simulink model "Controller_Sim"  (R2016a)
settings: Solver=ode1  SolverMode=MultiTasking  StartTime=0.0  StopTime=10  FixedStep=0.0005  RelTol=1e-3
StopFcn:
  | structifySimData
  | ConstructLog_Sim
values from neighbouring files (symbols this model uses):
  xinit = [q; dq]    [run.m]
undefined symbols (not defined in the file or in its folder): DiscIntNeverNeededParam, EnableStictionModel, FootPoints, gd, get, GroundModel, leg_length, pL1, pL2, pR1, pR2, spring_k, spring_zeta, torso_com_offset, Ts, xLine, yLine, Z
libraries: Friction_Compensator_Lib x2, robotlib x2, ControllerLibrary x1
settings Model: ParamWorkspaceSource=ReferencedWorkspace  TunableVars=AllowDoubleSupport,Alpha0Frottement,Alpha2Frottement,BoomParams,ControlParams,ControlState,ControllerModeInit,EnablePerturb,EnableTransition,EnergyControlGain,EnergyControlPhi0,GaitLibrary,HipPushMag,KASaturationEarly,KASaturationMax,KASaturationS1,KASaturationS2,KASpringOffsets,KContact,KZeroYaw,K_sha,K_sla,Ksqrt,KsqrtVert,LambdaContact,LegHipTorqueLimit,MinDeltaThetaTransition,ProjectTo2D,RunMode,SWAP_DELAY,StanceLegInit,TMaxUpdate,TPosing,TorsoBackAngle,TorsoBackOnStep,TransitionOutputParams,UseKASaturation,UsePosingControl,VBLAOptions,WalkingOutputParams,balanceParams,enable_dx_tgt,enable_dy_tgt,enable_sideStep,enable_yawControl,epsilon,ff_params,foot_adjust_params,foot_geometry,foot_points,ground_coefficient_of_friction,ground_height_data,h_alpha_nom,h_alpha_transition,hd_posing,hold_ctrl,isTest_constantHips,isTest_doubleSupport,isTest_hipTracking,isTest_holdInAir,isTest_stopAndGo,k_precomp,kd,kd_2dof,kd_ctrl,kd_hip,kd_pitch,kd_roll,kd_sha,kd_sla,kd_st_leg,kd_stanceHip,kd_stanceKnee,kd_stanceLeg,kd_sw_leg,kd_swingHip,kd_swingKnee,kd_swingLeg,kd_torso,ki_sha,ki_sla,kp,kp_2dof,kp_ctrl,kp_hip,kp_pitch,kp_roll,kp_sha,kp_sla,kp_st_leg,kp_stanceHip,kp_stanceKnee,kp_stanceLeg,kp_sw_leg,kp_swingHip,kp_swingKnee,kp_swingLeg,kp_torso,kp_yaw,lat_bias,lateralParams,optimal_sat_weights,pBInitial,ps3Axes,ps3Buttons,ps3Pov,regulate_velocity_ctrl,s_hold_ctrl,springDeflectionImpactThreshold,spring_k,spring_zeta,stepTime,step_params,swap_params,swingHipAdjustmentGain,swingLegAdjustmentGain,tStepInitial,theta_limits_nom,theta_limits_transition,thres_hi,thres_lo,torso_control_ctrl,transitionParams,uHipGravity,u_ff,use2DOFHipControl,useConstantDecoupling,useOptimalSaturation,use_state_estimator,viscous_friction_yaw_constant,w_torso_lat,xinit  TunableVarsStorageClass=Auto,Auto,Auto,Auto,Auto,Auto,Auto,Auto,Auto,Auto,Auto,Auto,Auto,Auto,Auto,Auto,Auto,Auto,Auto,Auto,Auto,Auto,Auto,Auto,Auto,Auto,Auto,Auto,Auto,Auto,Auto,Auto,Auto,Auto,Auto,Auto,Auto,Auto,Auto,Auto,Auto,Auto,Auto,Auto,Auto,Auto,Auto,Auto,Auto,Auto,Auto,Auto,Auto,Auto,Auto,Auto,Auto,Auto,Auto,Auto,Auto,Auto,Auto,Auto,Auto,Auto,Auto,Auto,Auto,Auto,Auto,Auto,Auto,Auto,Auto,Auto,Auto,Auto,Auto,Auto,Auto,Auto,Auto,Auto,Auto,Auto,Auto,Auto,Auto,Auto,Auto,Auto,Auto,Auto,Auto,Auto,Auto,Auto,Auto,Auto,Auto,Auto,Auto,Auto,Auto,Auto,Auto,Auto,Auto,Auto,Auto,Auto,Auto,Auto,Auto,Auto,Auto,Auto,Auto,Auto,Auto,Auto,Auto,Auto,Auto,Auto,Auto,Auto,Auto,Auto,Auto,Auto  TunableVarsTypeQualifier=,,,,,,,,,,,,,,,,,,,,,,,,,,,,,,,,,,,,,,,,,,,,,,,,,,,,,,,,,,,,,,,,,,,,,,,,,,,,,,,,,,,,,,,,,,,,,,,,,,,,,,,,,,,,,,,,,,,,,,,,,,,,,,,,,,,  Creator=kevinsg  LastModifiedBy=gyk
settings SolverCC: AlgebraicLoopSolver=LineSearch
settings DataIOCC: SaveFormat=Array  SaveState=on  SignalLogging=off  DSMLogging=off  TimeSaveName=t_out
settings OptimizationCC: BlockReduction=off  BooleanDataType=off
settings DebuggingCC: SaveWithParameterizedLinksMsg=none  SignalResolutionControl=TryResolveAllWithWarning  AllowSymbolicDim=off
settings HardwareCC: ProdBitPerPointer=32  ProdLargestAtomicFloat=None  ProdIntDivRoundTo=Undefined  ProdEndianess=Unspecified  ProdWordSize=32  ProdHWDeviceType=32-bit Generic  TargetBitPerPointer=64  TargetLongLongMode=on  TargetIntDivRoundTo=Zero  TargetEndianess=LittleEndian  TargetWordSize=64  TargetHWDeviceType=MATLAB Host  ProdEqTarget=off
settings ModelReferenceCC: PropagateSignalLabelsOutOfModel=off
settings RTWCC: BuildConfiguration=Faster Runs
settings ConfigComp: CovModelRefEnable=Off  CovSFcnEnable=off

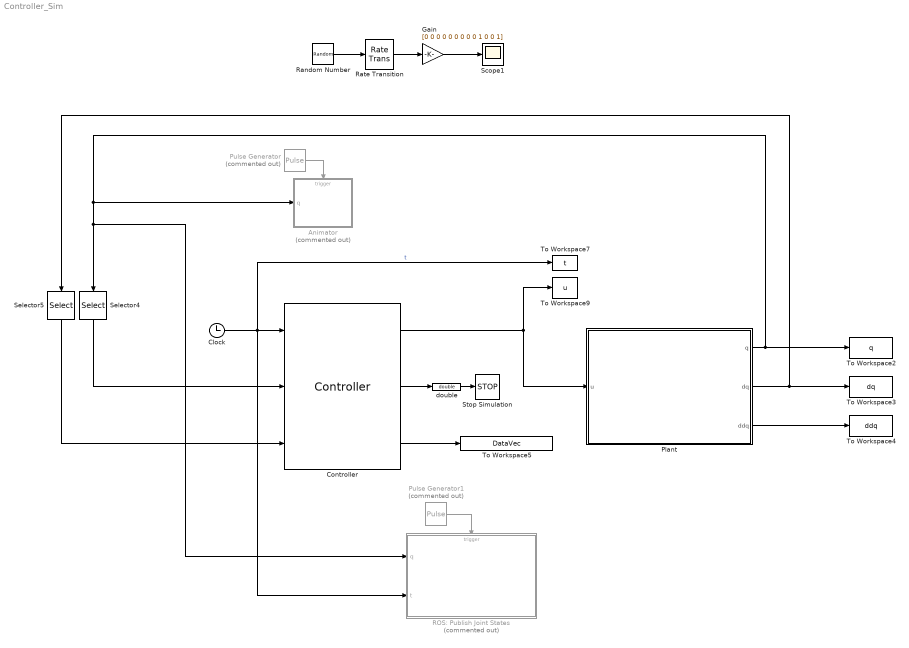
== system Controller_Sim ==
  Animator : Subsystem  Commented=on
  Clock : Clock
  Controller : ControllerLibrary/Controller
  Gain : Gain  Gain=[0 0 0 0 0 0 0 0 0 1 0 0 1]
  Plant : Subsystem
  Pulse Generator : DiscretePulseGenerator  Commented=on  PulseType=Time based  Period=.01  PulseWidth=5
  Pulse Generator1 : DiscretePulseGenerator  Commented=on  PulseType=Time based  Period=.01  PulseWidth=5
  ROS: Publish Joint States : Subsystem  Commented=on
  Random Number : RandomNumber  Variance=Ts*300  SampleTime=Ts*100
  Rate Transition : RateTransition  OutPortSampleTime=Ts
  Scope1 : Scope
  Selector4 : Selector  InputPortWidth=16  IndexOptions=Index vector (dialog)  Indices=[4,5,6,7,8,9,10,11,12,13,14,15,16]  OutputSizes=1
  Selector5 : Selector  InputPortWidth=16  IndexOptions=Index vector (dialog)  Indices=[4,5,6,7,8,9,10,11,12,13,14,15,16]  OutputSizes=1
  Stop Simulation : Stop
  To Workspace2 : ToWorkspace  VariableName=q  SampleTime=-1
  To Workspace3 : ToWorkspace  VariableName=dq  SampleTime=-1
  To Workspace4 : ToWorkspace  VariableName=ddq  SampleTime=-1
  To Workspace5 : ToWorkspace  VariableName=DataVec  SampleTime=-1
  To Workspace7 : ToWorkspace  VariableName=t  SampleTime=-1
  To Workspace9 : ToWorkspace  VariableName=u  SampleTime=-1
  double : DataTypeConversion  OutDataTypeStr=double
  wires:
  double/1 -> Stop Simulation/1
  Plant/3(ddq) -> To Workspace4/1
  Random Number/1 -> Rate Transition/1
  Rate Transition/1 -> Gain/1
  Gain/1 -> Scope1/1
  Selector4/1 -> Controller/2
  Selector5/1 -> Controller/3
  Controller/3 -> To Workspace5/1
  Controller/2 -> double/1
  Controller/1 -> To Workspace9/1, Plant/1(u)
  Pulse Generator/1 -> Animator/Trigger
  Plant/1(q) -> Selector4/1, ROS: Publish Joint States/1(q), Animator/1(q), To Workspace2/1
  Pulse Generator1/1 -> ROS: Publish Joint States/Trigger
  Plant/2(dq) -> Selector5/1, To Workspace3/1
  Clock/1 -> Controller/1, ROS: Publish Joint States/2(t), To Workspace7/1  "t"

== system Controller_Sim/Animator ==
  q : Inport
  Trigger : TriggerPort  VariantControl=Variant  PortDimensions=1
  MATLAB Function : MATLAB Function  TreatAsAtomicUnit=on
  torso_com_offset : Constant  Value=torso_com_offset
  torso_com_offset1 : Constant  Value=leg_length
  wires:
  q/1 -> MATLAB Function/1(q)
  torso_com_offset1/1 -> MATLAB Function/2(leg_length)
  torso_com_offset/1 -> MATLAB Function/3(torso_com_offset)

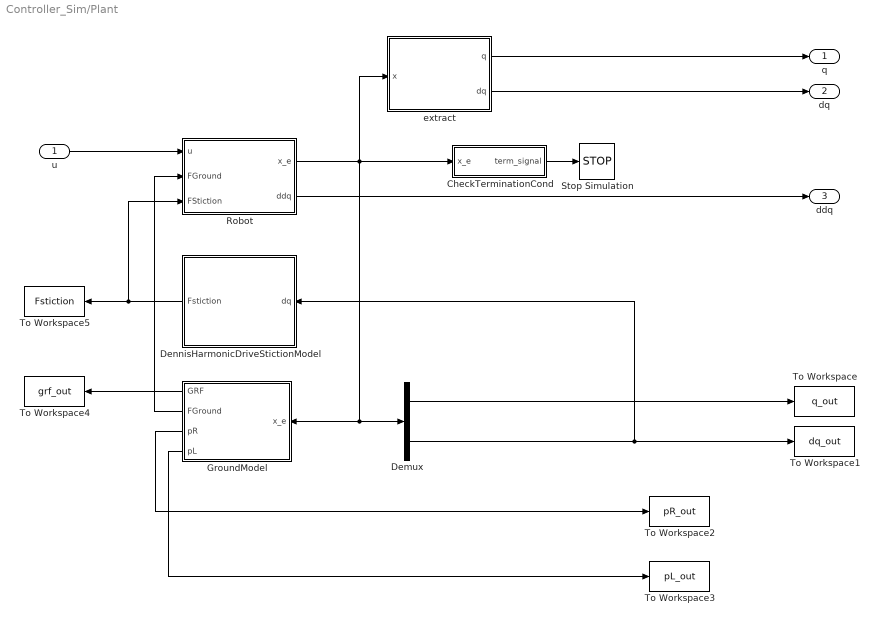
== system Controller_Sim/Plant ==
  u : Inport
  CheckTerminationCond : Subsystem
  Demux : Demux  Outputs=[16 16]
  DennisHarmonicDriveStictionModel : Subsystem
  GroundModel : Subsystem
  Robot : Subsystem
  Stop Simulation : Stop
  To Workspace : ToWorkspace  VariableName=q_out  SampleTime=-1
  To Workspace1 : ToWorkspace  VariableName=dq_out  SampleTime=-1
  To Workspace2 : ToWorkspace  VariableName=pR_out  SampleTime=-1
  To Workspace3 : ToWorkspace  VariableName=pL_out  SampleTime=-1
  To Workspace4 : ToWorkspace  VariableName=grf_out  SampleTime=-1
  To Workspace5 : ToWorkspace  VariableName=Fstiction  SampleTime=-1
  extract : MATLAB Function  TreatAsAtomicUnit=on
  q : Outport
  dq : Outport  Port=2
  ddq : Outport  Port=3
  wires:
  Robot/1(x_e) -> GroundModel/1(x_e), Demux/1, CheckTerminationCond/1(x_e), extract/1(x)
  GroundModel/2(FGround) -> Robot/2(FGround)
  Demux/2 -> DennisHarmonicDriveStictionModel/1(dq), To Workspace1/1
  Demux/1 -> To Workspace/1
  CheckTerminationCond/1(term_signal) -> Stop Simulation/1
  u/1 -> Robot/1(u)
  extract/1(q) -> q/1
  GroundModel/1(GRF) -> To Workspace4/1
  GroundModel/3(pR) -> To Workspace2/1
  GroundModel/4(pL) -> To Workspace3/1
  DennisHarmonicDriveStictionModel/1(Fstiction) -> To Workspace5/1, Robot/3(FStiction)
  extract/2(dq) -> dq/1
  Robot/2(ddq) -> ddq/1

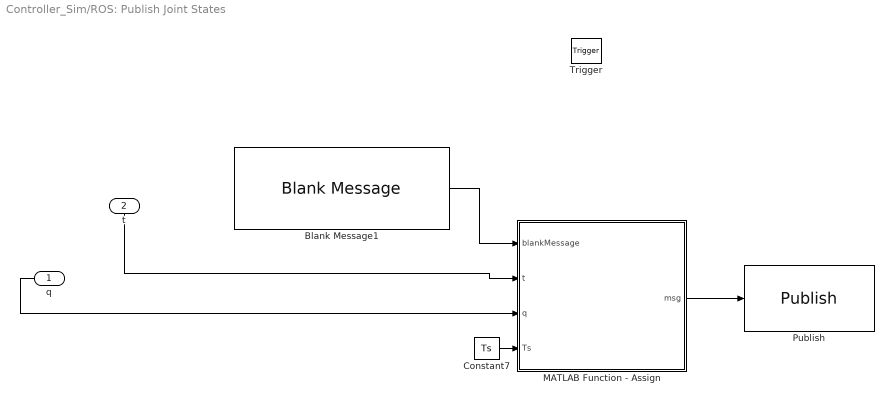
== system Controller_Sim/ROS: Publish Joint States ==
  q : Inport
  t : Inport  Port=2
  Trigger : TriggerPort  VariantControl=Variant  PortDimensions=1
  Blank Message1 : robotlib/Blank Message  SourceLibraryInfo=This block requires Robotics System Toolbox  messageType=trajectory_msgs/JointTrajectory  SampleTime=inf
  Constant7 : Constant  Value=Ts
  MATLAB Function - Assign : MATLAB Function  TreatAsAtomicUnit=on
  Publish : robotlib/Publish  SourceLibraryInfo=This block requires Robotics System Toolbox  topicSource=Specify your own  topic=/set_joint_trajectory  messageType=trajectory_msgs/JointTrajectory  messageQueueLength=1
  wires:
  MATLAB Function - Assign/1(msg) -> Publish/1
  Blank Message1/1 -> MATLAB Function - Assign/1(blankMessage)
  t/1 -> MATLAB Function - Assign/2(t)
  q/1 -> MATLAB Function - Assign/3(q)
  Constant7/1 -> MATLAB Function - Assign/4(Ts)

== system Controller_Sim/Plant/CheckTerminationCond ==
  x_e : Inport
  MATLAB Function : MATLAB Function  TreatAsAtomicUnit=on
  torso_com_offset : Constant  Value=torso_com_offset
  torso_com_offset1 : Constant  Value=leg_length
  term_signal : Outport
  wires:
  x_e/1 -> MATLAB Function/1(x_e)
  MATLAB Function/1(terminate_signal) -> term_signal/1
  torso_com_offset1/1 -> MATLAB Function/2(leg_length)
  torso_com_offset/1 -> MATLAB Function/3(torso_com_offset)

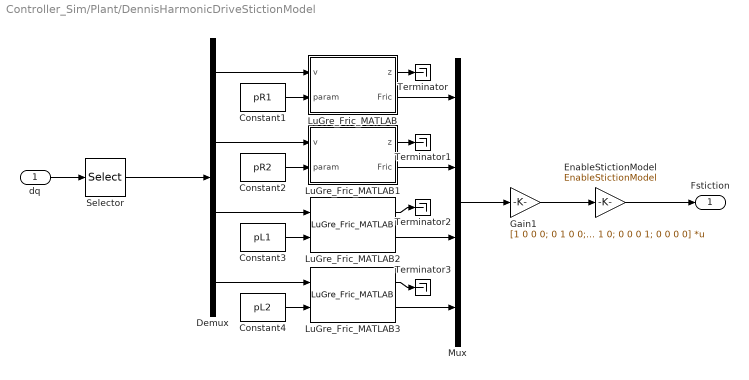
== system Controller_Sim/Plant/DennisHarmonicDriveStictionModel ==
  dq : Inport
  Constant1 : Constant  Value=pR1
  Constant2 : Constant  Value=pR2
  Constant3 : Constant  Value=pL1
  Constant4 : Constant  Value=pL2
  Demux : Demux
  EnableStictionModel : Gain  Gain=EnableStictionModel
  Gain1 : Gain  Gain=[1 0 0 0; 0 1 0 0; 0 0 0 0; 0 0 1 0; 0 0 0 1; 0 0 0 0]  Multiplication=Matrix(K*u)
  LuGre_Fric_MATLAB : Subsystem  AncestorBlock=Friction_Compensator_Lib/LuGre_Fric_MATLAB
  LuGre_Fric_MATLAB1 : Subsystem  AncestorBlock=Friction_Compensator_Lib/LuGre_Fric_MATLAB
  LuGre_Fric_MATLAB2 : Friction_Compensator_Lib/LuGre_Fric_MATLAB
  LuGre_Fric_MATLAB3 : Friction_Compensator_Lib/LuGre_Fric_MATLAB
  Mux : Mux
  Selector : Selector  InputPortWidth=16  IndexOptions=Index vector (dialog)  Indices=[11 12 14 15]  OutputSizes=1
  Terminator{,1..3} (4 alike) : Terminator
  Fstiction : Outport
  wires:
  dq/1 -> Selector/1
  Selector/1 -> Demux/1
  EnableStictionModel/1 -> Fstiction/1
  Gain1/1 -> EnableStictionModel/1
  Constant1/1 -> LuGre_Fric_MATLAB/2(param)
  Constant2/1 -> LuGre_Fric_MATLAB1/2(param)
  Constant3/1 -> LuGre_Fric_MATLAB2/2
  Constant4/1 -> LuGre_Fric_MATLAB3/2
  Demux/4 -> LuGre_Fric_MATLAB3/1
  Demux/3 -> LuGre_Fric_MATLAB2/1
  Demux/2 -> LuGre_Fric_MATLAB1/1(v)
  Demux/1 -> LuGre_Fric_MATLAB/1(v)
  LuGre_Fric_MATLAB/2(Fric) -> Mux/1
  LuGre_Fric_MATLAB1/2(Fric) -> Mux/2
  LuGre_Fric_MATLAB2/2 -> Mux/3
  LuGre_Fric_MATLAB3/2 -> Mux/4
  Mux/1 -> Gain1/1
  LuGre_Fric_MATLAB/1(z) -> Terminator/1
  LuGre_Fric_MATLAB1/1(z) -> Terminator1/1
  LuGre_Fric_MATLAB2/1 -> Terminator2/1
  LuGre_Fric_MATLAB3/1 -> Terminator3/1

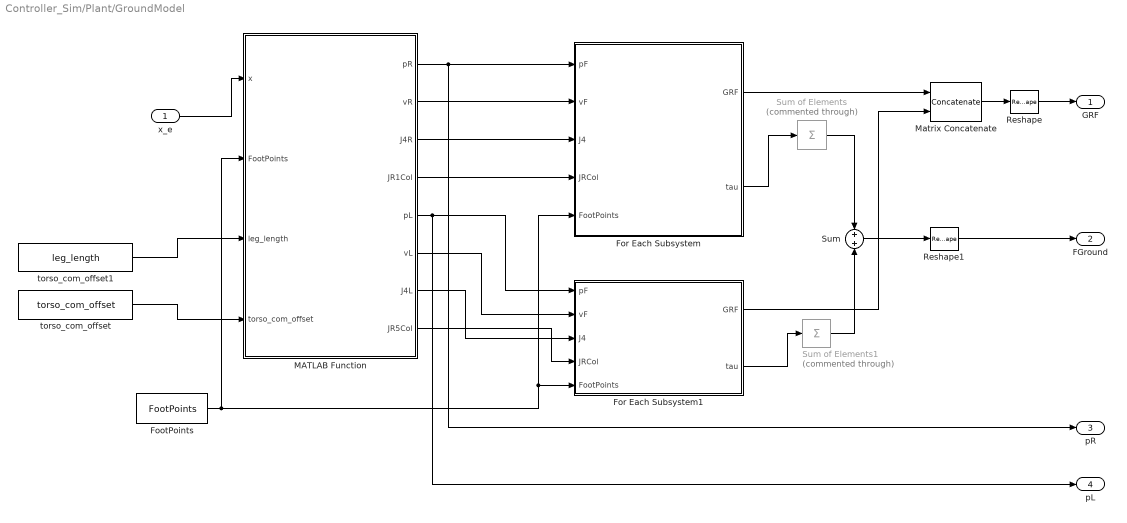
== system Controller_Sim/Plant/GroundModel ==
  x_e : Inport
  FootPoints : Constant  Value=FootPoints
  For Each Subsystem : Subsystem  TreatAsAtomicUnit=on
  For Each Subsystem1 : Subsystem  TreatAsAtomicUnit=on
  MATLAB Function : MATLAB Function  TreatAsAtomicUnit=on
  Matrix Concatenate : Concatenate  Mode=Multidimensional array
  Reshape : Reshape
  Reshape1 : Reshape
  Sum : Sum  Inputs=+|+
  Sum of Elements : Sum  Commented=through  Inputs=+  CollapseMode=Specified dimension  CollapseDim=2
  Sum of Elements1 : Sum  Commented=through  Inputs=+  CollapseMode=Specified dimension  CollapseDim=2
  torso_com_offset : Constant  Value=torso_com_offset
  torso_com_offset1 : Constant  Value=leg_length
  GRF : Outport
  FGround : Outport  Port=2
  pR : Outport  Port=3
  pL : Outport  Port=4
  wires:
  x_e/1 -> MATLAB Function/1(x)
  MATLAB Function/1(pR) -> pR/1, For Each Subsystem/1(pF)
  For Each Subsystem/1(GRF) -> Matrix Concatenate/1
  Matrix Concatenate/1 -> Reshape/1
  For Each Subsystem1/1(GRF) -> Matrix Concatenate/2
  Reshape/1 -> GRF/1
  MATLAB Function/2(vR) -> For Each Subsystem/2(vF)
  MATLAB Function/3(J4R) -> For Each Subsystem/3(J4)
  MATLAB Function/4(JR1Col) -> For Each Subsystem/4(JRCol)
  MATLAB Function/5(pL) -> For Each Subsystem1/1(pF), pL/1
  MATLAB Function/6(vL) -> For Each Subsystem1/2(vF)
  MATLAB Function/7(J4L) -> For Each Subsystem1/3(J4)
  MATLAB Function/8(JR5Col) -> For Each Subsystem1/4(JRCol)
  FootPoints/1 -> MATLAB Function/2(FootPoints), For Each Subsystem/5(FootPoints), For Each Subsystem1/5(FootPoints)
  For Each Subsystem/2(tau) -> Sum of Elements/1
  For Each Subsystem1/2(tau) -> Sum of Elements1/1
  Sum of Elements/1 -> Sum/1
  Sum of Elements1/1 -> Sum/2
  Sum/1 -> Reshape1/1
  Reshape1/1 -> FGround/1
  torso_com_offset1/1 -> MATLAB Function/3(leg_length)
  torso_com_offset/1 -> MATLAB Function/4(torso_com_offset)

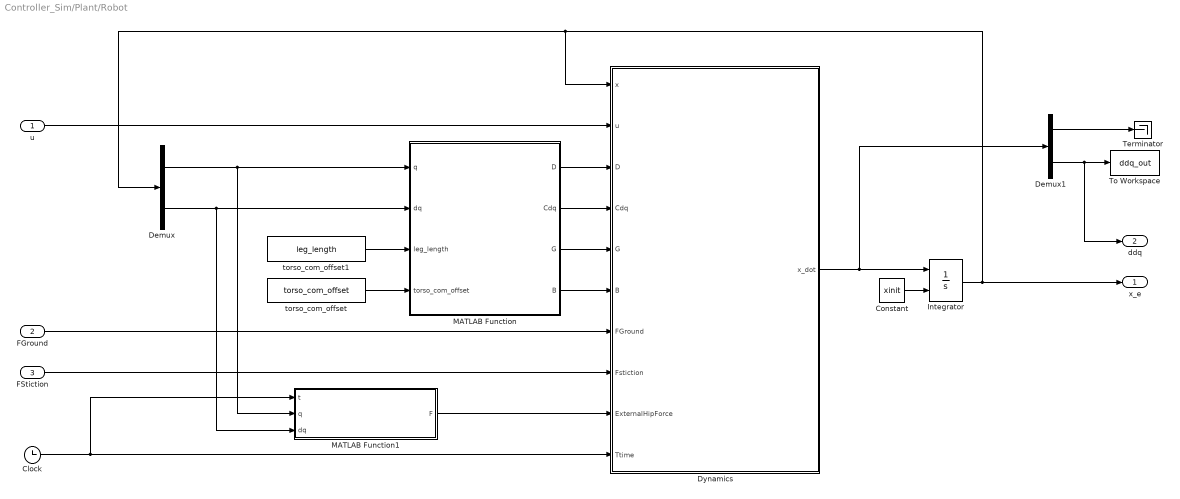
== system Controller_Sim/Plant/Robot ==
  u : Inport
  FGround : Inport  Port=2
  FStiction : Inport  Port=3
  Clock : Clock
  Constant : Constant  Value=xinit
  Demux : Demux  Outputs=[16 16]
  Demux1 : Demux  Outputs=[16 16]
  Dynamics : MATLAB Function  TreatAsAtomicUnit=on
  Integrator : Integrator  InitialConditionSource=external  InitialCondition=str2num(get(gd.edit1,'string'))
  MATLAB Function : MATLAB Function  TreatAsAtomicUnit=on
  MATLAB Function1 : MATLAB Function  TreatAsAtomicUnit=on
  Terminator : Terminator
  To Workspace : ToWorkspace  VariableName=ddq_out  SampleTime=-1
  torso_com_offset : Constant  Value=torso_com_offset
  torso_com_offset1 : Constant  Value=leg_length
  x_e : Outport
  ddq : Outport  Port=2
  wires:
  FGround/1 -> Dynamics/7(FGround)
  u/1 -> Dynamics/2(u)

**About this task**
The lines to copy run from the first line of the entries to the line containing "libraries: Friction_Compensator_Lib x2, robotlib"; copy them exactly and output nothing else.

**Answer section**
simulink model "Controller_Sim"  (R2016a)
settings: Solver=ode1  SolverMode=MultiTasking  StartTime=0.0  StopTime=10  FixedStep=0.0005  RelTol=1e-3
StopFcn:
  | structifySimData
  | ConstructLog_Sim
values from neighbouring files (symbols this model uses):
  xinit = [q; dq]    [run.m]
undefined symbols (not defined in the file or in its folder): DiscIntNeverNeededParam, EnableStictionModel, FootPoints, gd, get, GroundModel, leg_length, pL1, pL2, pR1, pR2, spring_k, spring_zeta, torso_com_offset, Ts, xLine, yLine, Z
libraries: Friction_Compensator_Lib x2, robotlib x2, ControllerLibrary x1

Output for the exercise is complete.